REQUIRED WORK
The records below are to be copied exactly, with every picture left out.

[Source records]
Content starts

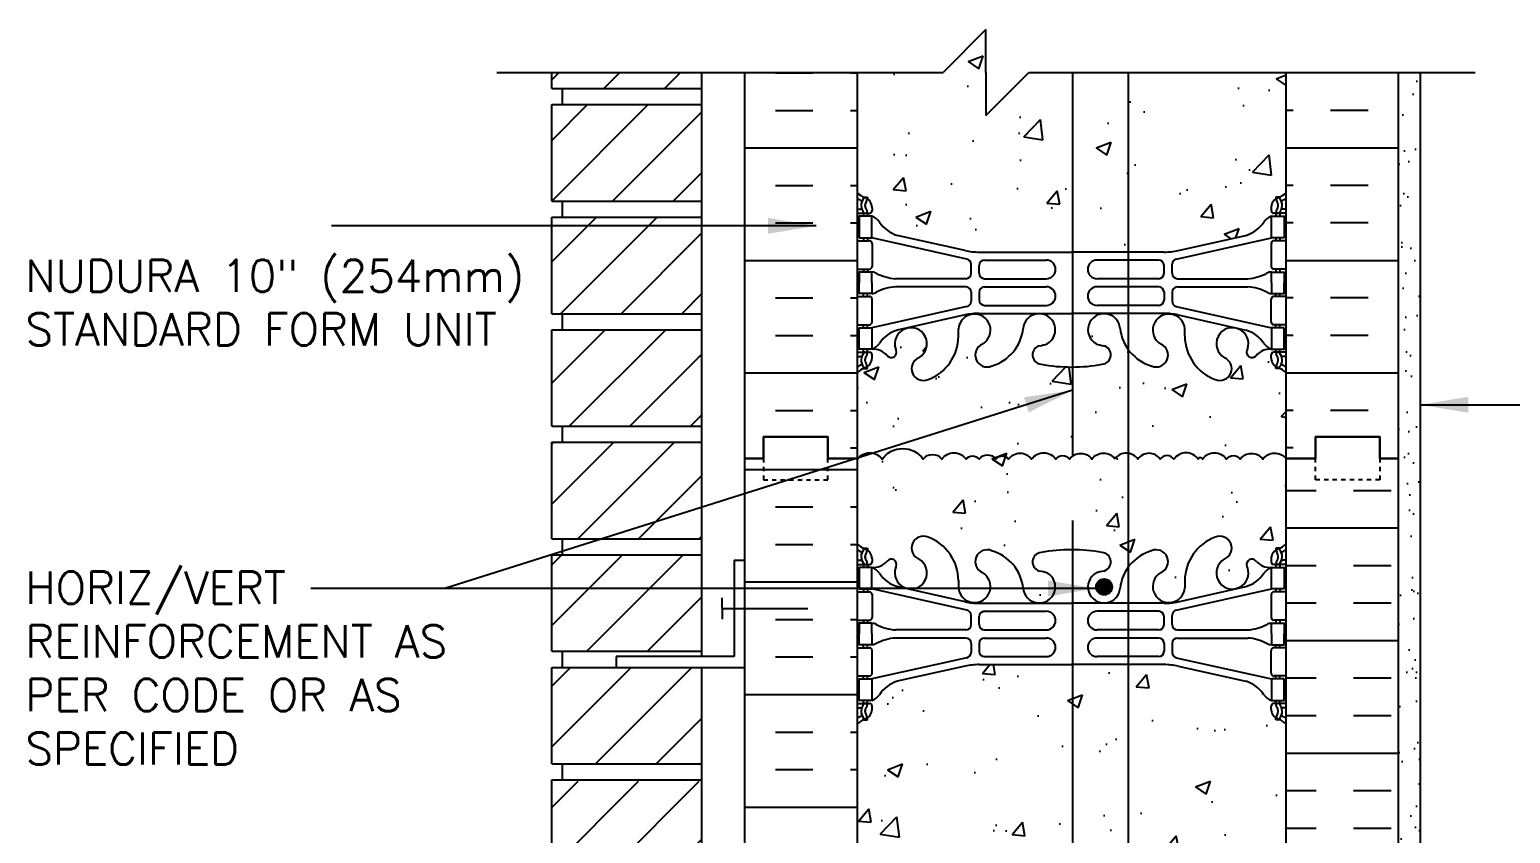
# Model space of a CAD drawing. Header units: inches. Extents: x 113.5 to 169.5, y -22.8 to 56.9.
# Drawn here: x 113.6 to 148.14, y 25.09 to 43.84 of the extents above; entities that cross this region are included whole.
import ezdxf

# ---------------------------------------------------------------- set-up
doc = ezdxf.new("R2010")
doc.units = ezdxf.units.IN
doc.header["$LTSCALE"] = 0.5
doc.header["$MEASUREMENT"] = 0
doc.linetypes.add('DASHED2', pattern=[0.375, 0.25, -0.125])
for name, color, linetype in [('HATCH', 12, 'Continuous'), ('line25', 2, 'Continuous'), ('LINE3', 3, 'Continuous'), ('LINE50', 5, 'Continuous'), ('LINE9', 9, 'Continuous'), ('TEXT', 4, 'Continuous'), ('Web_Edge', 9, 'Continuous')]:
    doc.layers.add(name, color=color, linetype=linetype)
doc.styles.add('DIM', font='romans.shx', dxfattribs={"width": 0.7})
doc.styles.add('ROMANS', font='romans.shx', dxfattribs={"height": 1.125})
doc.dimstyles.new('ext_12', dxfattribs={"dimscale": 12, "dimtxt": 0.09375, "dimasz": 0.09375, "dimexe": 0.09375, "dimexo": 0.0625, "dimgap": 0.0625, "dimtad": 1, "dimdec": 1, "dimzin": 3, "dimdsep": 46, "dimlunit": 4, "dimtxsty": 'DIM', "dimcen": 0.09, "dimdle": 0.09375, "dimclrt": 4, "dimadec": 0, "dimazin": 0, "dimtfac": 1, "dimtdec": 1, "dimtmove": 2, "dimatfit": 3, "dimfxl": 1, "dimfrac": 2, "dimtolj": 1, "dimtzin": 0, "dimarcsym": 0})

msp = doc.modelspace()

# ---------------------------------------------------------------- hatches: boundary and pattern name
at = {"layer": 'HATCH'}
h = msp.add_hatch(dxfattribs=at)
h.set_pattern_fill('AR-CONC', color=256, scale=0.5)
h.paths.add_polyline_path([(137.921, 42.838), (136.904, 42.838), (135.904, 41.838), (135.904, 42.838), (135.904, 43.838), (134.904, 42.838), (132.904, 42.838), (132.904, 40.031, 0.088416), (133.05, 39.933), (133.14, 39.933), (133.14, 39.892, -0.249069), (133.25, 39.684), (133.25, 39.617, -0.414214), (133.187, 39.554), (133.14, 39.554), (133.14, 39.484), (133.245, 39.484, -0.168672), (133.431, 39.335, 0.17445), (133.838, 39.039), (135.419, 38.686, 0.054974), (135.746, 38.65), (137.921, 38.65)])
h.paths.add_polyline_path([(139.223, 42.838), (137.921, 42.838), (137.921, 38.65), (139.223, 38.65)])
h.paths.add_polyline_path([(142.904, 42.838), (139.223, 42.838), (139.223, 38.65), (140.062, 38.65, 0.054974), (140.389, 38.686), (141.969, 39.039, 0.17445), (142.377, 39.335, -0.168672), (142.563, 39.484), (142.668, 39.484), (142.668, 39.554), (142.62, 39.554, -0.414214), (142.558, 39.617), (142.558, 39.684, -0.249069), (142.668, 39.892), (142.668, 39.933), (142.758, 39.933, 0.08841), (142.904, 40.031)])
h.paths.add_polyline_path([(142.904, 35.838, 0.08841), (142.758, 35.936), (142.668, 35.936), (142.668, 35.977, -0.249069), (142.558, 36.184), (142.558, 36.252, -0.414214), (142.62, 36.314), (142.668, 36.314), (142.668, 36.384), (142.563, 36.384, 0.231736), (142.205, 36.233, -0.8344), (141.994, 36.359), (142.005, 36.38, 2.155404), (141.467, 36.186, -1), (141.253, 35.675, -0.311223), (140.544, 36.691), (140.545, 36.856, 1.661382), (139.984, 36.503, -1), (139.77, 35.992, -0.166475), (139.223, 36.379), (139.223, 33.957, -0.210254), (139.446, 33.819, -0.520567), (139.971, 33.819, -0.520567), (140.289, 33.819, -0.520567), (140.855, 33.819, -0.056985), (140.904, 33.874, -0.056985), (140.953, 33.819, -0.520567), (141.518, 33.819, -0.520567), (141.837, 33.819, -0.520567), (142.361, 33.819, -0.486155), (142.904, 33.838)])
h.paths.add_polyline_path([(139.223, 36.379, -0.13378), (139.031, 36.887, 1.604516), (138.473, 36.512, 0.055617), (138.652, 36.466, -0.843243), (138.618, 36.034, -0.046405), (137.921, 35.969), (137.921, 33.89, -0.425924), (138.377, 33.819, -0.520567), (138.912, 33.824, -0.2797), (139.223, 33.957)])
h.paths.add_polyline_path([(137.921, 35.969, -0.048684), (137.19, 36.034, -0.843243), (137.156, 36.466, 0.055617), (137.335, 36.512, 1.604516), (136.776, 36.887, -0.307094), (136.038, 35.992, -1), (135.824, 36.503, 1.661382), (135.263, 36.856), (135.263, 36.71, -0.316114), (134.554, 35.675, -1), (134.341, 36.186, 2.155404), (133.802, 36.38), (133.814, 36.359, -0.834375), (133.602, 36.233, 0.23174), (133.245, 36.384), (133.14, 36.384), (133.14, 36.314), (133.187, 36.314, -0.414214), (133.25, 36.252), (133.25, 36.184, -0.249069), (133.14, 35.977), (133.14, 35.936), (133.05, 35.936, 0.088416), (132.904, 35.838), (132.904, 33.838), (132.904, 33.816, -0.524125), (133.485, 33.819, -0.520567), (134.443, 33.819, -0.520567), (134.874, 33.819, -0.520567), (135.44, 33.819, -0.520567), (135.745, 33.819, -0.520567), (136.136, 33.819, -0.520567), (136.434, 33.819, -0.520567), (136.969, 33.819, -0.520567), (137.534, 33.819, -0.520567), (137.853, 33.819, -0.077467), (137.921, 33.89)])
h.paths.add_polyline_path([(139.223, 33.957, 0.2797), (138.912, 33.824, 0.520567), (138.377, 33.819, 0.425924), (137.921, 33.89, 0.077467), (137.853, 33.819, 0.520567), (137.534, 33.819, 0.520567), (136.969, 33.819, 0.520567), (136.434, 33.819, 0.520567), (136.136, 33.819, 0.520567), (135.745, 33.819, 0.520567), (135.44, 33.819, 0.520567), (134.874, 33.819, 0.520567), (134.443, 33.819, 0.520567), (133.485, 33.819, 0.524125), (132.904, 33.816), (132.904, 31.838, 0.088416), (133.05, 31.741), (133.14, 31.741), (133.14, 31.699, -0.249069), (133.25, 31.492), (133.25, 31.425, -0.414214), (133.187, 31.362), (133.14, 31.362), (133.14, 31.292), (133.245, 31.292, 0.231736), (133.602, 31.443, -0.8344), (133.814, 31.318), (133.802, 31.296, 2.155404), (134.341, 31.491, -1), (134.554, 32.002, -0.311223), (135.263, 30.986), (135.263, 30.821, 1.661382), (135.824, 31.174, -1), (136.038, 31.685, -0.307094), (136.776, 30.789, 1.604516), (137.335, 31.165, 0.055617), (137.156, 31.211, -0.843243), (137.19, 31.643, -0.047544), (137.904, 31.708, -0.047544), (138.618, 31.643, -0.843243), (138.652, 31.211, 0.055617), (138.473, 31.165, 1.604516), (139.031, 30.789, -0.13378), (139.223, 31.298)])
h.paths.add_polyline_path([(138.847, 30.84, -1), (138.472, 30.84, -1)], flags=16)
h.paths.add_polyline_path([(142.904, 33.838, 0.486155), (142.361, 33.819, 0.520567), (141.837, 33.819, 0.520567), (141.518, 33.819, 0.520567), (140.953, 33.819, 0.056985), (140.904, 33.874, 0.056985), (140.855, 33.819, 0.520567), (140.289, 33.819, 0.520567), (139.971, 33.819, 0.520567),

Content ends

EXPECTED ANSWER
# Model space of a CAD drawing. Header units: inches. Extents: x 113.5 to 169.5, y -22.8 to 56.9.
# Drawn here: x 113.6 to 148.14, y 25.09 to 43.84 of the extents above; entities that cross this region are included whole.
import ezdxf

# ---------------------------------------------------------------- set-up
doc = ezdxf.new("R2010")
doc.units = ezdxf.units.IN
doc.header["$LTSCALE"] = 0.5
doc.header["$MEASUREMENT"] = 0
doc.linetypes.add('DASHED2', pattern=[0.375, 0.25, -0.125])
for name, color, linetype in [('HATCH', 12, 'Continuous'), ('line25', 2, 'Continuous'), ('LINE3', 3, 'Continuous'), ('LINE50', 5, 'Continuous'), ('LINE9', 9, 'Continuous'), ('TEXT', 4, 'Continuous'), ('Web_Edge', 9, 'Continuous')]:
    doc.layers.add(name, color=color, linetype=linetype)
doc.styles.add('DIM', font='romans.shx', dxfattribs={"width": 0.7})
doc.styles.add('ROMANS', font='romans.shx', dxfattribs={"height": 1.125})
doc.dimstyles.new('ext_12', dxfattribs={"dimscale": 12, "dimtxt": 0.09375, "dimasz": 0.09375, "dimexe": 0.09375, "dimexo": 0.0625, "dimgap": 0.0625, "dimtad": 1, "dimdec": 1, "dimzin": 3, "dimdsep": 46, "dimlunit": 4, "dimtxsty": 'DIM', "dimcen": 0.09, "dimdle": 0.09375, "dimclrt": 4, "dimadec": 0, "dimazin": 0, "dimtfac": 1, "dimtdec": 1, "dimtmove": 2, "dimatfit": 3, "dimfxl": 1, "dimfrac": 2, "dimtolj": 1, "dimtzin": 0, "dimarcsym": 0})

msp = doc.modelspace()

# ---------------------------------------------------------------- hatches: boundary and pattern name
at = {"layer": 'HATCH'}
h = msp.add_hatch(dxfattribs=at)
h.set_pattern_fill('AR-CONC', color=256, scale=0.5)
h.paths.add_polyline_path([(137.921, 42.838), (136.904, 42.838), (135.904, 41.838), (135.904, 42.838), (135.904, 43.838), (134.904, 42.838), (132.904, 42.838), (132.904, 40.031, 0.088416), (133.05, 39.933), (133.14, 39.933), (133.14, 39.892, -0.249069), (133.25, 39.684), (133.25, 39.617, -0.414214), (133.187, 39.554), (133.14, 39.554), (133.14, 39.484), (133.245, 39.484, -0.168672), (133.431, 39.335, 0.17445), (133.838, 39.039), (135.419, 38.686, 0.054974), (135.746, 38.65), (137.921, 38.65)])
h.paths.add_polyline_path([(139.223, 42.838), (137.921, 42.838), (137.921, 38.65), (139.223, 38.65)])
h.paths.add_polyline_path([(142.904, 42.838), (139.223, 42.838), (139.223, 38.65), (140.062, 38.65, 0.054974), (140.389, 38.686), (141.969, 39.039, 0.17445), (142.377, 39.335, -0.168672), (142.563, 39.484), (142.668, 39.484), (142.668, 39.554), (142.62, 39.554, -0.414214), (142.558, 39.617), (142.558, 39.684, -0.249069), (142.668, 39.892), (142.668, 39.933), (142.758, 39.933, 0.08841), (142.904, 40.031)])
h.paths.add_polyline_path([(142.904, 35.838, 0.08841), (142.758, 35.936), (142.668, 35.936), (142.668, 35.977, -0.249069), (142.558, 36.184), (142.558, 36.252, -0.414214), (142.62, 36.314), (142.668, 36.314), (142.668, 36.384), (142.563, 36.384, 0.231736), (142.205, 36.233, -0.8344), (141.994, 36.359), (142.005, 36.38, 2.155404), (141.467, 36.186, -1), (141.253, 35.675, -0.311223), (140.544, 36.691), (140.545, 36.856, 1.661382), (139.984, 36.503, -1), (139.77, 35.992, -0.166475), (139.223, 36.379), (139.223, 33.957, -0.210254), (139.446, 33.819, -0.520567), (139.971, 33.819, -0.520567), (140.289, 33.819, -0.520567), (140.855, 33.819, -0.056985), (140.904, 33.874, -0.056985), (140.953, 33.819, -0.520567), (141.518, 33.819, -0.520567), (141.837, 33.819, -0.520567), (142.361, 33.819, -0.486155), (142.904, 33.838)])
h.paths.add_polyline_path([(139.223, 36.379, -0.13378), (139.031, 36.887, 1.604516), (138.473, 36.512, 0.055617), (138.652, 36.466, -0.843243), (138.618, 36.034, -0.046405), (137.921, 35.969), (137.921, 33.89, -0.425924), (138.377, 33.819, -0.520567), (138.912, 33.824, -0.2797), (139.223, 33.957)])
h.paths.add_polyline_path([(137.921, 35.969, -0.048684), (137.19, 36.034, -0.843243), (137.156, 36.466, 0.055617), (137.335, 36.512, 1.604516), (136.776, 36.887, -0.307094), (136.038, 35.992, -1), (135.824, 36.503, 1.661382), (135.263, 36.856), (135.263, 36.71, -0.316114), (134.554, 35.675, -1), (134.341, 36.186, 2.155404), (133.802, 36.38), (133.814, 36.359, -0.834375), (133.602, 36.233, 0.23174), (133.245, 36.384), (133.14, 36.384), (133.14, 36.314), (133.187, 36.314, -0.414214), (133.25, 36.252), (133.25, 36.184, -0.249069), (133.14, 35.977), (133.14, 35.936), (133.05, 35.936, 0.088416), (132.904, 35.838), (132.904, 33.838), (132.904, 33.816, -0.524125), (133.485, 33.819, -0.520567), (134.443, 33.819, -0.520567), (134.874, 33.819, -0.520567), (135.44, 33.819, -0.520567), (135.745, 33.819, -0.520567), (136.136, 33.819, -0.520567), (136.434, 33.819, -0.520567), (136.969, 33.819, -0.520567), (137.534, 33.819, -0.520567), (137.853, 33.819, -0.077467), (137.921, 33.89)])
h.paths.add_polyline_path([(139.223, 33.957, 0.2797), (138.912, 33.824, 0.520567), (138.377, 33.819, 0.425924), (137.921, 33.89, 0.077467), (137.853, 33.819, 0.520567), (137.534, 33.819, 0.520567), (136.969, 33.819, 0.520567), (136.434, 33.819, 0.520567), (136.136, 33.819, 0.520567), (135.745, 33.819, 0.520567), (135.44, 33.819, 0.520567), (134.874, 33.819, 0.520567), (134.443, 33.819, 0.520567), (133.485, 33.819, 0.524125), (132.904, 33.816), (132.904, 31.838, 0.088416), (133.05, 31.741), (133.14, 31.741), (133.14, 31.699, -0.249069), (133.25, 31.492), (133.25, 31.425, -0.414214), (133.187, 31.362), (133.14, 31.362), (133.14, 31.292), (133.245, 31.292, 0.231736), (133.602, 31.443, -0.8344), (133.814, 31.318), (133.802, 31.296, 2.155404), (134.341, 31.491, -1), (134.554, 32.002, -0.311223), (135.263, 30.986), (135.263, 30.821, 1.661382), (135.824, 31.174, -1), (136.038, 31.685, -0.307094), (136.776, 30.789, 1.604516), (137.335, 31.165, 0.055617), (137.156, 31.211, -0.843243), (137.19, 31.643, -0.047544), (137.904, 31.708, -0.047544), (138.618, 31.643, -0.843243), (138.652, 31.211, 0.055617), (138.473, 31.165, 1.604516), (139.031, 30.789, -0.13378), (139.223, 31.298)])
h.paths.add_polyline_path([(138.847, 30.84, -1), (138.472, 30.84, -1)], flags=16)
h.paths.add_polyline_path([(142.904, 33.838, 0.486155), (142.361, 33.819, 0.520567), (141.837, 33.819, 0.520567), (141.518, 33.819, 0.520567), (140.953, 33.819, 0.056985), (140.904, 33.874, 0.056985), (140.855, 33.819, 0.520567), (140.289, 33.819, 0.520567), (139.971, 33.819, 0.520567),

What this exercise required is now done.